Now scientists have developed a new chemical sensor that has the potential to measure the gas in locations as diverse as volcanoes and submarines (J. Am. Chem. Soc., DOI 10.1021/ja103947j).

Currently, researchers measure CO2 using electrochemical and infrared methods, but both have pitfalls. Electrochemical sensors require significant amounts of power, because they operate at high temperatures. Meanwhile, carbon monoxide, which often coexists with CO2, interferes with commercial IR sensors, because the gas absorbs a similar IR wavelength range as CO2,

So materials chemist Ben Zhong Tang of The Hong Kong University of Science and Technology, and colleagues designed a new detection system that required little power and was unaffected by CO.

In their system, molecules of 1,1,2,3,4,5-hexaphenylsilole (HPS) float in an organic solvent, dipropylamine (DPA). HPS has six phenyl rings that stick out like spokes from a central silole group. The rings normally rotate around the bonds that connect them to this hub.

When CO2 bubbles through this mixture, it reacts with DPA to produce a viscous, polar ionic liquid. The liquid slows the phenyl rings' rotation and pushes the HPS molecules together. As the molecules aggregate, they fluoresce (C&EN, Oct. 8, 2001, page 29). Because CO2 and DPA generate more ionic liquid as gas concentrations increase, the fluorescence intensity mirrors CO2 levels.

While electrochemical and IR methods are only useful for analyzing gas mixtures that contain less than half CO2, this new approach can measure up to 100% CO2. Also the sensor operates at room temperature and requires little energy or expensive materials.

The system has potential as a field instrument, Tang says, because "it only needs a handheld UV lamp as an excitation source and its output is visible to the naked eye, which facilitates on-site decision-making."

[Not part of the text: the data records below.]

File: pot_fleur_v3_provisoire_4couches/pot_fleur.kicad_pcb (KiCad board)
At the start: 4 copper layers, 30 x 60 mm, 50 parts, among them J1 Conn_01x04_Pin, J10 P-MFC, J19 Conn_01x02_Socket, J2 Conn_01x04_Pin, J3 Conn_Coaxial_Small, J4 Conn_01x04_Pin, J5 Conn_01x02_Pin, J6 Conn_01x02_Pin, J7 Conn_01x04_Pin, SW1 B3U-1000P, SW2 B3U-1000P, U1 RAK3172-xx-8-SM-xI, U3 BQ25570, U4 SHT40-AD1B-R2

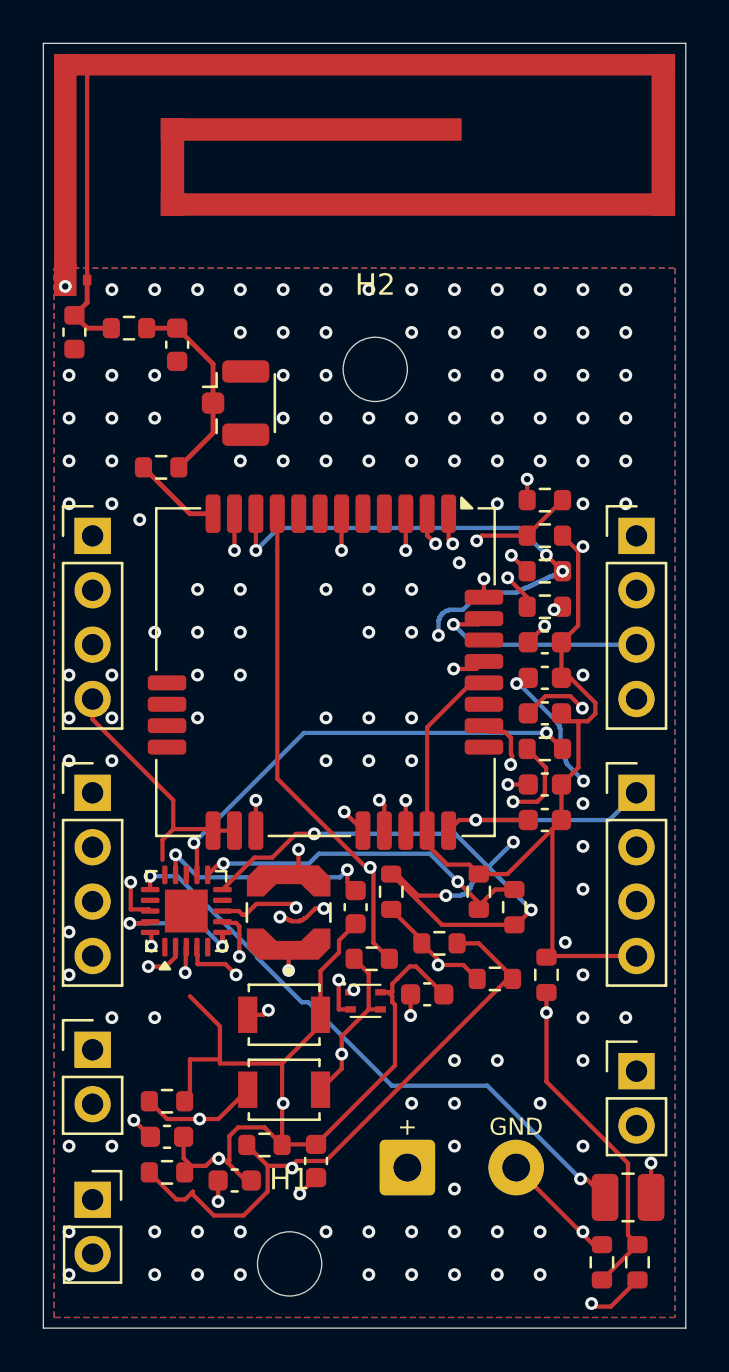
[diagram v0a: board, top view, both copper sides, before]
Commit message: Straighten V3 traces and remove redundant pad fragments
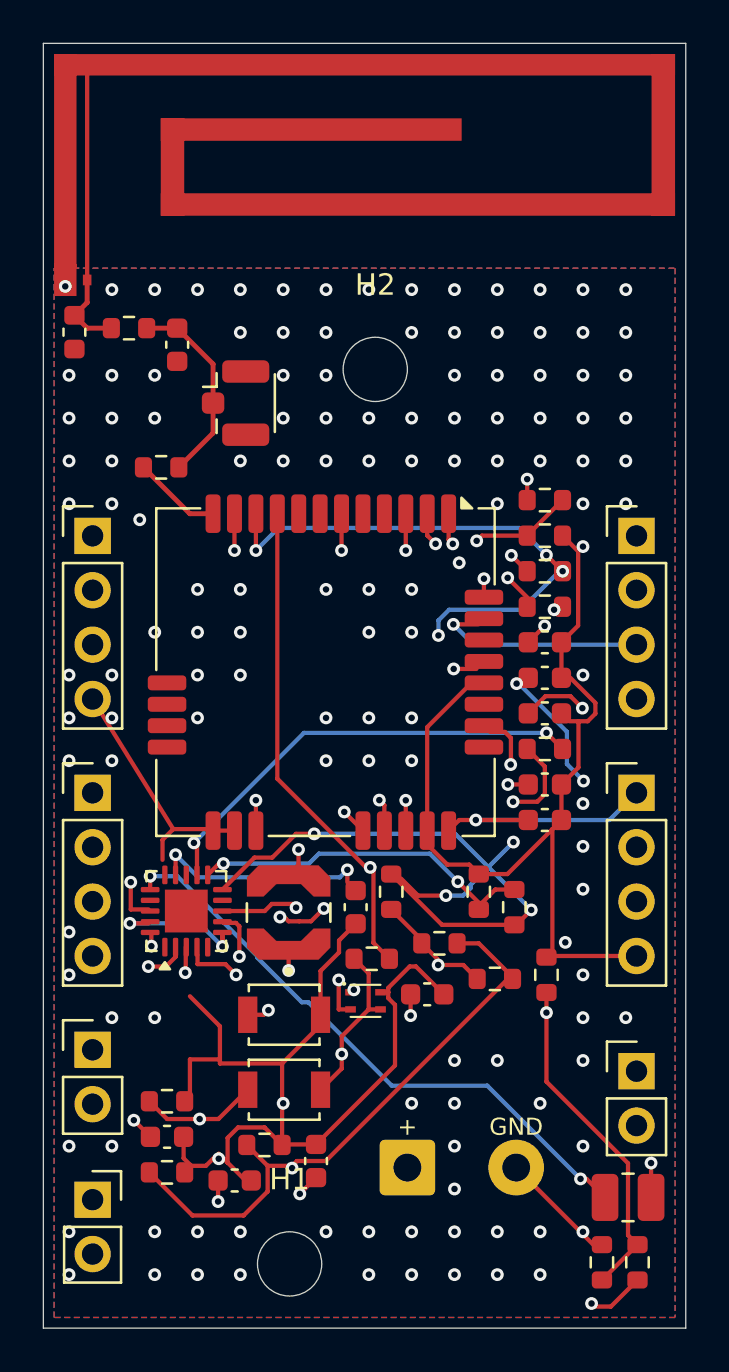
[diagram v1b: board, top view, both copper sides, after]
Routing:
- net GND: track 177.9 -> 172.8 mm
- net PA0: track 27.6 -> 25.8 mm
- net PB2: track 19.9 -> 18.4 mm
- net PWR: track 87.9 -> 86.4 mm
- net Net-(U3-OK_HYST): track 65.8 -> 64.6 mm
- net Net-(U3-VREF_SAMP): track 31.1 -> 30.1 mm
- net Net-(U3-VBAT_OV): track 41.4 -> 40.4 mm
- net /BQ25570/VRDIV: track 65.2 -> 64.4 mm
- net Net-(J6-Pin_1): track 41.3 -> 40.5 mm
- net PB5: track 15.4 -> 14.7 mm

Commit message: Remove obsolete ground spur from former UFL location
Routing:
- net GND: track 172.8 -> 164.8 mm
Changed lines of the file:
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@@
-	)
-	(segment
-		(start 56.845 97.45)
-		(end 58.2452 97.45)
-		(width 0.2)
-		(layer "F.Cu")
-		(net "GND")
 	)
 	(segment
@@
 	)
 	(segment
-		(start 58.2452 97.45)
-		(end 58.2452 95.9002)
-		(width 0.2)
-		(layer "F.Cu")
-		(net "GND")
-	)
-	(segment
 		(start 62.735 101.42)
 		(end 66.4225 97.7325)
@@
 	)
 	(segment
-		(start 58.2452 95.9002)
-		(end 56.845 94.5)
-		(width 0.2)
-		(layer "F.Cu")
-		(net "GND")
-	)
-	(segment
 		(start 75.7793 81.2996)
 		(end 75.4205 81.6584)
@@
 	)
 	(segment
-		(start 58.2452 97.6399)
-		(end 58.2452 97.45)
-		(width 0.2)
-		(layer "F.Cu")
-		(net "GND")
-	)
-	(segment
 		(start 58.925 86.765)
 		(end 57.925 86.765)
@@
 		(width 0.2)
 		(layer "F.Cu")
-		(net "GND")
-	)
-	(segment
-		(start 61.15 97.6399)
-		(end 58.2452 97.6399)
-		(width 0.2)
-		(layer "F.Cu")

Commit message: Audit every V3 trace and remove remaining ground stubs and via fragments
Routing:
- net GND: track 164.8 -> 161.2 mm
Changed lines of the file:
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@@
 	)
 	(segment
-		(start 58.0745 101.9718)
-		(end 58.0745 101.9716)
-		(width 0.2)
-		(layer "F.Cu")
-		(net "GND")
-	)
-	(segment
 		(start 64.585 91.115)
 		(end 63.8075 91.8925)
@@
 	)
 	(segment
-		(start 55.5642 88.1295)
-		(end 55.5642 87.197)
-		(width 0.2)
-		(layer "F.Cu")
-		(net "GND")
-	)
-	(segment
 		(start 59.0917 100.6264)
 		(end 60.3314 100.6264)
@@
 	)
 	(segment
-		(start 58.1897 102.087)
-		(end 58.0745 101.9718)
-		(width 0.2)
-		(layer "F.Cu")
-		(net "GND")
-	)
-	(segment
 		(start 57.5902 102.4203)
 		(end 56.9047 102.4203)
@@
 	)
 	(segment
-		(start 55.5642 87.197)
-		(end 56.0663 86.6949)
-		(width 0.2)
-		(layer "F.Cu")
-		(net "GND")
-	)
-	(segment
 		(start 63.8075 92.4548)
 		(end 62.945 93.3173)
@@
 	)
 	(segment
-		(start 56.845 99.16)
-		(end 56.845 97.45)
-		(width 0.2)
-		(layer "F.Cu")
-		(net "GND")
-	)
-	(segment
 		(start 74.9747 73.7197)
 		(end 74.9747 77.1903)
@@
 		(net "GND")
 	)
-	(segment
-		(start 58.0745 101.9718)
-		(end 58.0387 101.9718)
-		(width 0.2)
-		(layer "F.Cu")
-		(net "GND")
-	)
 	(via
 		(at 65.2 75.5)
@@
 	)
 	(segment
-		(start 69.1193 73.3224)
-		(end 69.1193 73.3745)
-		(width 0.2)
-		(layer "In1.Cu")
-		(net "UART2_RX")
-	)
-	(segment
 		(start 68.4548 72.6579)
 		(end 69.1193 73.3224)
@@
 	)
 	(segment
-		(start 66.925 73.6842)
-		(end 66.925 73.7892)
-		(width 0.2)
-		(layer "In1.Cu")
-		(net "PB5")
-	)
-	(segment
 		(start 63.925 71.965)
 		(end 63.925 73.6842)
@@
 	)
 	(segment
-		(start 65.2647 88.483)
-		(end 65.0672 88.483)
-		(width 0.2)
-		(layer "F.Cu")
-		(net "SCL")
-	)
-	(segment
 		(start 60.925 71.965)
 		(end 60.925 84.3408)
@@
 	)
 	(segment
-		(start 74.15 74.7)
-		(end 74.2 74.65)
-		(width 0.2)
-		(layer "B.Cu")
-		(net "SDA")
-	)
-	(segment
 		(start 74 74.75)
 		(end 74.05 74.75)
@@
 	)
 	(segment
-		(start 74.2 74.65)
-		(end 74.25 74.65)
-		(width 0.2)
-		(layer "B.Cu")
-		(net "SDA")
-	)
-	(segment
 		(start 68.45 77.65)
 		(end 68.45 76.95)
@@
 	)
 	(segment
-		(start 74.1 74.7)
-		(end 74.15 74.7)
-		(width 0.2)
-		(layer "B.Cu")
-		(net "SDA")
-	)
-	(segment
 		(start 74.05 74.75)
 		(end 74.1 74.7)
@@
 	)
 	(segment
-		(start 65.6171 85.2676)
-		(end 65.689 85.3395)
-		(width 0.2)
-		(layer "In2.Cu")
-		(net "BOOT")
-	)
-	(segment
 		(start 75.1715 81.0454)
 		(end 74.6131 80.487)
@@
 		(net "PB2")
 	)
-	(segment
-		(start 71.8239 83.6808)
-		(end 71.893 83.6117)
-		(width 0.2)
-		(layer "F.Cu")
-		(net "PB2")
-	)
 	(via
 		(at 71.8239 83.6808)
@@
 	)
 	(segment
-		(start 61.8023 90.1888)
-		(end 61.8023 90.3624)
-		(width 0.2)
-		(layer "F.Cu")
-		(net "/BQ25570/VRDIV")
-	)
-	(segment
 		(start 68.4363 93.0405)
 		(end 69.6105 93.0405)
@@
 	)
 	(segment
-		(start 72.15 79.9)
-		(end 72.2 79.85)
-		(width 0.2)
-		(layer "F.Cu")
-		(net "Net-(U3-VREF_SAMP)")
-	)
-	(segment
 		(start 62.5 91)
 		(end 63.1 90.4)
@@
 	)
 	(segment
-		(start 72.1 79.9)
-		(end 72.15 79.9)
-		(width 0.2)
-		(layer "F.Cu")
-		(net "Net-(U3-VREF_SAMP)")
-	)
-	(segment
 		(start 61.95 91)
 		(end 62.5 91)
@@
 	)
 	(segment
-		(start 61.05 90.8)
-		(end 61.25 90.8)
-		(width 0.2)
-		(layer "F.Cu")
-		(net "Net-(U3-VREF_SAMP)")
-	)
-	(segment
 		(start 61.3 90.85)
 		(end 61.45 91)
@@
 	)
 	(segment
-		(start 72.2 79.9)
-		(end 72.1 79.9)
-		(width 0.2)
-		(layer "B.Cu")
-		(net "Net-(U3-VREF_SAMP)")
-	)
-	(segment
 		(start 74.45 83.65)
 		(end 75.225 84.45)
@@
 	)
 	(segment
-		(start 54.0403 91.0942)
-		(end 54.0403 91.0943)
-		(width 0.2)
-		(layer "F.Cu")
-		(net "VOUT_EN")
-	)
-	(segment
 		(start 58.3625 91.52)
 		(end 58.3625 92.1772)
@@
 	)
 	(segment
-		(start 56.65 93.3)
-		(end 56.625 93.399999)
-		(width 0.2)
-		(layer "F.Cu")
-		(net "VOUT_EN")
-	)
-	(segment
 		(start 56.65 92.2)
 		(end 56.65 93.3)
@@
 	)
 	(segment
-		(start 56.625 93.399999)
-		(end 56.65 93.35)
-		(width 0.2)
-		(layer "In1.Cu")
-		(net "VOUT_EN")
-	)
-	(segment
 		(start 58.15 92.1)
 		(end 56.9 93.35)
@@
 	)
 	(segment
-		(start 73.4966 82.2016)
-		(end 73.4966 82.2)
-		(width 0.2)
-		(layer "F.Cu")
-		(net "Net-(U3-VOUT_SET)")
-	)
-	(segment
 		(start 74.245 82.95)
 		(end 73.4966 82.2016)
@@
 	)
 	(segment
-		(start 73.4966 82.2)
-		(end 73.495 82.2016)
-		(width 0.2)
-		(layer "In2.Cu")
-		(net "Net-(U3-VOUT_SET)")
-	)
-	(segment
 		(start 73.495 82.2016)
 		(end 73.495 95.2653)
@@
 	)
 	(segment
-		(start 56.175 87.8916)
-		(end 56.1762 87.8904)
-		(width 0.2)
-		(layer "F.Cu")
-		(net "Net-(J6-Pin_1)")
-	)
-	(segment
 		(start 64.1966 89.1766)
 		(end 64.1966 88.5973)
@@
 	)
 	(segment
-		(start 61.9681 103.7292)
-		(end 61.9758 103.7292)
-		(width 0.2)
-		(layer "In1.Cu")
-		(net "Net-(U3-VBAT)")
-	)
-	(segment
 		(start 55.206 101.271)
 		(end 59.5099 101.271)
@@
 		(width 0.2)
 		(layer "F.Cu")
-		(net "Net-(U3-VBAT_OV)")
-	)
-	(segment
-		(start 61.6156 102.4183)
-		(end 61.6156 102.5259)
-		(width 0.2)
-		(layer "F.Cu")

Analytical chemists Sergey Borisov at the Graz University of Technology in Austria and Ziling (Ben) Xue at the University of Tennessee, Knoxville call the sensor novel and innovative. "It's especially good for high concentrations of CO2 which are present in volcanic eruptions, power plant emissions, or mines," Xue says.

Borisov cautions that the system in its current form is not practical, because the DPA readily evaporates. But with optimization, he says, the system could make an excellent "sensor for imaging purposes."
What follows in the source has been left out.